Question

I believe this is correct...


\[\sum_{n=1}^{\infty}\frac{x^{n}}{5^{n}n^{5}}\]
\[\lim_{n\rightarrow \infty} \frac{x^{n+1}}{5^{n+1}(n+1)^{5}} \frac{5^{n}n^{5}}{x^{n}}\]
\[\lim_{n\rightarrow \infty} \frac{x^{n+1}5^{n}}{x^{n}5^{n+1}} \frac{n^{5}}{(n+1)^{5}}\]
\[\lim_{n\rightarrow \infty} \frac{x}{5} \frac{n^{5}}{(n+1)^{5}}\]
\[\frac{1}{5}\lim_{n\rightarrow \infty} \left|x\right| \frac{n^{5}}{(n+1)^{5}}\]
\[\frac{1}{5}\lim_{n\rightarrow \infty} \left|x\right| \frac{1}{(1+1/n)^{5}}\]
\[\frac{1}{5}\lim_{n\rightarrow \infty} \left|x\right| \frac{1}{(1+1/n)^{5}}<1\]

Answer 1

R=5

Answer 2

\[\left|x\right|<5\]

Answer 3

I= [-5,5]

Answer 4

Radius of convergence and interval of convergence

Answer 5

what do you think @agentx5

Answer 6

Did you try the ratio test? This looks a lot like a combination series variant btw, a big hint to use the ratio test typically. :-D

Answer 7

yes I did the ratio test

Answer 8

\[\frac{a_{n+1}}{a_{n}}\]

Answer 9

Ah wait I see you posted it later, ack time delay.

Well since we know by the ratio test, the series converges when abs(x)<5, we also know the radius of convergence.

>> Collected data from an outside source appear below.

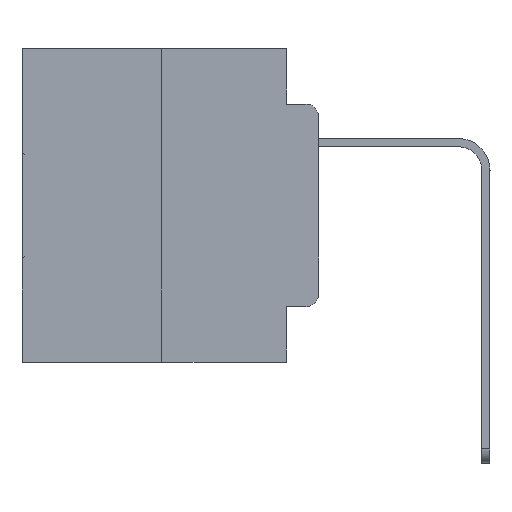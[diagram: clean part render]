
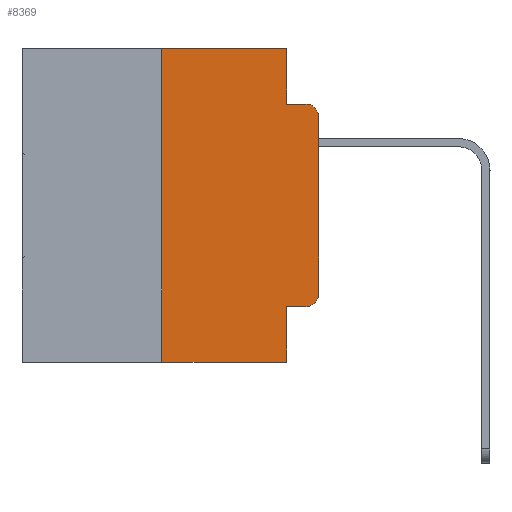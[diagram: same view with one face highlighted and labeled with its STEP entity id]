
A CAD part, left-side view. The second image highlights one B-rep face of the part: STEP entity #8369.
In plain terms, the highlighted planar face has unit normal (-1, 0, 0).
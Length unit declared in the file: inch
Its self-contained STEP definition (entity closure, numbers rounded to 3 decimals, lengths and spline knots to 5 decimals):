
#720 = EDGE_CURVE ( 'NONE', #20253, #25473, #1515, .T. ) ;
#1515 = LINE ( 'NONE', #28035, #25053 ) ;
#2045 = VERTEX_POINT ( 'NONE', #6097 ) ;
#2685 = DIRECTION ( 'NONE',  ( 0., 0., -1. ) ) ;
#3091 = CARTESIAN_POINT ( 'NONE',  ( 0., 0.473, -0.5 ) ) ;
#4025 = ORIENTED_EDGE ( 'NONE', *, *, #13335, .T. ) ;
#4072 = CARTESIAN_POINT ( 'NONE',  ( 0., 0.051, 0. ) ) ;
#4390 = DIRECTION ( 'NONE',  ( 0., -1., 0. ) ) ;
#4997 = EDGE_CURVE ( 'NONE', #19839, #2045, #21569, .T. ) ;
#5154 = LINE ( 'NONE', #14689, #24752 ) ;
#5479 = LINE ( 'NONE', #3091, #28948 ) ;
#6097 = CARTESIAN_POINT ( 'NONE',  ( 0., 0., -0.3915 ) ) ;
#6131 = CARTESIAN_POINT ( 'NONE',  ( 0., 0.051, 0. ) ) ;
#6252 = EDGE_CURVE ( 'NONE', #25473, #15460, #7578, .T. ) ;
#6458 = VERTEX_POINT ( 'NONE', #11928 ) ;
#6469 = CARTESIAN_POINT ( 'NONE',  ( 0., 0.051, -0.0885 ) ) ;
#6723 = EDGE_CURVE ( 'NONE', #6458, #23144, #21103, .T. ) ;
#7379 = CARTESIAN_POINT ( 'NONE',  ( 0., 0.02, -0.4115 ) ) ;
#7578 = LINE ( 'NONE', #12097, #24329 ) ;
#8369 = ADVANCED_FACE ( 'NONE', ( #28434 ), #27958, .F. ) ;
#8656 = ORIENTED_EDGE ( 'NONE', *, *, #25349, .F. ) ;
#9053 = ORIENTED_EDGE ( 'NONE', *, *, #6252, .F. ) ;
#9377 = ORIENTED_EDGE ( 'NONE', *, *, #720, .F. ) ;
#10612 = EDGE_CURVE ( 'NONE', #19548, #17402, #17280, .T. ) ;
#11928 = CARTESIAN_POINT ( 'NONE',  ( 0., 0.051, -0.4115 ) ) ;
#12097 = CARTESIAN_POINT ( 'NONE',  ( 0., 0.051, 0. ) ) ;
#12390 = CARTESIAN_POINT ( 'NONE',  ( 0., 0.25, -0.5 ) ) ;
#13244 = VECTOR ( 'NONE', #4390, 39.37008 ) ;
#13335 = EDGE_CURVE ( 'NONE', #6458, #19839, #19257, .T. ) ;
#13459 = ORIENTED_EDGE ( 'NONE', *, *, #21493, .T. ) ;
#14170 = CARTESIAN_POINT ( 'NONE',  ( 0., 0.051, -0.0885 ) ) ;
#14689 = CARTESIAN_POINT ( 'NONE',  ( 0., 0.25, 0. ) ) ;
#15051 = DIRECTION ( 'NONE',  ( 1., 0., 0. ) ) ;
#15432 = AXIS2_PLACEMENT_3D ( 'NONE', #27444, #22927, #20916 ) ;
#15460 = VERTEX_POINT ( 'NONE', #14170 ) ;
#16792 = VECTOR ( 'NONE', #19984, 39.37008 ) ;
#16810 = DIRECTION ( 'NONE',  ( 0., -1., 0. ) ) ;
#17280 = CIRCLE ( 'NONE', #20879, 0.02 ) ;
#17402 = VERTEX_POINT ( 'NONE', #26175 ) ;
#17525 = CARTESIAN_POINT ( 'NONE',  ( 0., 0., 0. ) ) ;
#17893 = ORIENTED_EDGE ( 'NONE', *, *, #10612, .T. ) ;
#18022 = CARTESIAN_POINT ( 'NONE',  ( 0., 0.051, -0.4115 ) ) ;
#18042 = VECTOR ( 'NONE', #26566, 39.37008 ) ;
#18413 = EDGE_CURVE ( 'NONE', #15460, #17402, #29026, .T. ) ;
#18648 = EDGE_LOOP ( 'NONE', ( #24893, #17893, #26769, #9053, #9377, #8656, #13459, #23076, #4025, #24723 ) ) ;
#18742 = DIRECTION ( 'NONE',  ( 0., 0., -1. ) ) ;
#19257 = LINE ( 'NONE', #18022, #13244 ) ;
#19548 = VERTEX_POINT ( 'NONE', #27076 ) ;
#19618 = DIRECTION ( 'NONE',  ( 0., 0., -1. ) ) ;
#19839 = VERTEX_POINT ( 'NONE', #7379 ) ;
#19984 = DIRECTION ( 'NONE',  ( 0., 0., -1. ) ) ;
#19998 = DIRECTION ( 'NONE',  ( 0., -1., 0. ) ) ;
#20253 = VERTEX_POINT ( 'NONE', #29125 ) ;
#20879 = AXIS2_PLACEMENT_3D ( 'NONE', #25651, #28031, #2685 ) ;
#20916 = DIRECTION ( 'NONE',  ( 0., 0., -1. ) ) ;
#21103 = LINE ( 'NONE', #4072, #16792 ) ;
#21346 = CARTESIAN_POINT ( 'NONE',  ( 0., 0.473, 0. ) ) ;
#21493 = EDGE_CURVE ( 'NONE', #29371, #23144, #5479, .T. ) ;
#21569 = CIRCLE ( 'NONE', #15432, 0.02 ) ;
#22351 = LINE ( 'NONE', #17525, #18042 ) ;
#22679 = VECTOR ( 'NONE', #19998, 39.37008 ) ;
#22927 = DIRECTION ( 'NONE',  ( -1., 0., 0. ) ) ;
#23076 = ORIENTED_EDGE ( 'NONE', *, *, #6723, .F. ) ;
#23144 = VERTEX_POINT ( 'NONE', #27186 ) ;
#23916 = DIRECTION ( 'NONE',  ( 0., -1., 0. ) ) ;
#24329 = VECTOR ( 'NONE', #18742, 39.37008 ) ;
#24489 = EDGE_CURVE ( 'NONE', #2045, #19548, #22351, .T. ) ;
#24723 = ORIENTED_EDGE ( 'NONE', *, *, #4997, .T. ) ;
#24752 = VECTOR ( 'NONE', #27590, 39.37008 ) ;
#24893 = ORIENTED_EDGE ( 'NONE', *, *, #24489, .T. ) ;
#25053 = VECTOR ( 'NONE', #16810, 39.37008 ) ;
#25349 = EDGE_CURVE ( 'NONE', #29371, #20253, #5154, .T. ) ;
#25473 = VERTEX_POINT ( 'NONE', #6131 ) ;
#25651 = CARTESIAN_POINT ( 'NONE',  ( 0., 0.02, -0.1085 ) ) ;
#26175 = CARTESIAN_POINT ( 'NONE',  ( 0., 0.02, -0.0885 ) ) ;
#26566 = DIRECTION ( 'NONE',  ( 0., 0., 1. ) ) ;
#26737 = AXIS2_PLACEMENT_3D ( 'NONE', #21346, #15051, #19618 ) ;
#26769 = ORIENTED_EDGE ( 'NONE', *, *, #18413, .F. ) ;
#27076 = CARTESIAN_POINT ( 'NONE',  ( 0., 0., -0.1085 ) ) ;
#27186 = CARTESIAN_POINT ( 'NONE',  ( 0., 0.051, -0.5 ) ) ;
#27444 = CARTESIAN_POINT ( 'NONE',  ( 0., 0.02, -0.3915 ) ) ;
#27590 = DIRECTION ( 'NONE',  ( 0., 0., 1. ) ) ;
#27958 = PLANE ( 'NONE',  #26737 ) ;
#28031 = DIRECTION ( 'NONE',  ( -1., 0., 0. ) ) ;
#28035 = CARTESIAN_POINT ( 'NONE',  ( 0., 0.473, 0. ) ) ;
#28434 = FACE_OUTER_BOUND ( 'NONE', #18648, .T. ) ;
#28948 = VECTOR ( 'NONE', #23916, 39.37008 ) ;
#29026 = LINE ( 'NONE', #6469, #22679 ) ;
#29125 = CARTESIAN_POINT ( 'NONE',  ( 0., 0.25, 0. ) ) ;
#29371 = VERTEX_POINT ( 'NONE', #12390 ) ;

What you need now is to find the interval of convergence. We’ll get most (if not all) of the interval in question by solving the inequality from above. Do you remember how to write that as a three-part inequality? (two inequality signs)

Answer 10

I believed it was [-5,5]

Answer 11

about the three part in equality ...can you show me...i'm not sure

Answer 12

Right that's your radius :D

But you needed the interval too right?

Answer 13

Sure! one sec...

Answer 14

\[-5<x<5\]

Answer 15

For the less than, greater than would be...

Answer 16

\[x<-5 \cup x>5\]

Answer 17

so it would make more sense to write -5<x<5 instead of [-5,5]

Answer 18

It does, and I would get in the practice of it because you might end up with something like this:

\[ \left| x+3 \right| < 4\]

Answer 19

Which is: -7<x<1

Answer 20

ok what does \[x<-5 \cup x>5\] mean again

Answer 21

After you do this and find this inequality, or union of inequalities, you want to determine if the power series will converge or diverge at the endpoints of this interval.

Answer 22

@MathSofiya Remember the number line stuff you did way back when you were starting Algebra?

Answer 23

Disjunction and conjunction?

Answer 24

yes

Answer 25

set of all x's less than -5 "union" set of all x's greater than +5

Answer 26

Union is a fancy way of saying, "yeah both of these at the same time are true"

Answer 27

i see

Answer 28

That. lol

Answer 29

Versus the in-between with:

Answer 30

to determine if the power series will converge or diverge at the endpoints of this interval. do I use the initial equation? or this
\[\frac{1}{5}\lim_{n\rightarrow \infty} \left|x\right| \frac{1}{(1+1/n)^{5}}\]

Answer 31

You'll simply plug them at these points into the original power series and see if the series converges or diverges using any test necessary, to determine convergence. Make sense?

Answer 32

yes sir

Answer 33

Thanks!

Answer 34

PS: Bump this so the others notice it and we get some additional reviewers :-)

Answer 35

Did the answer check out ok?

Answer 36

agent, can you help cal and on with a geometry problem once yo uare done?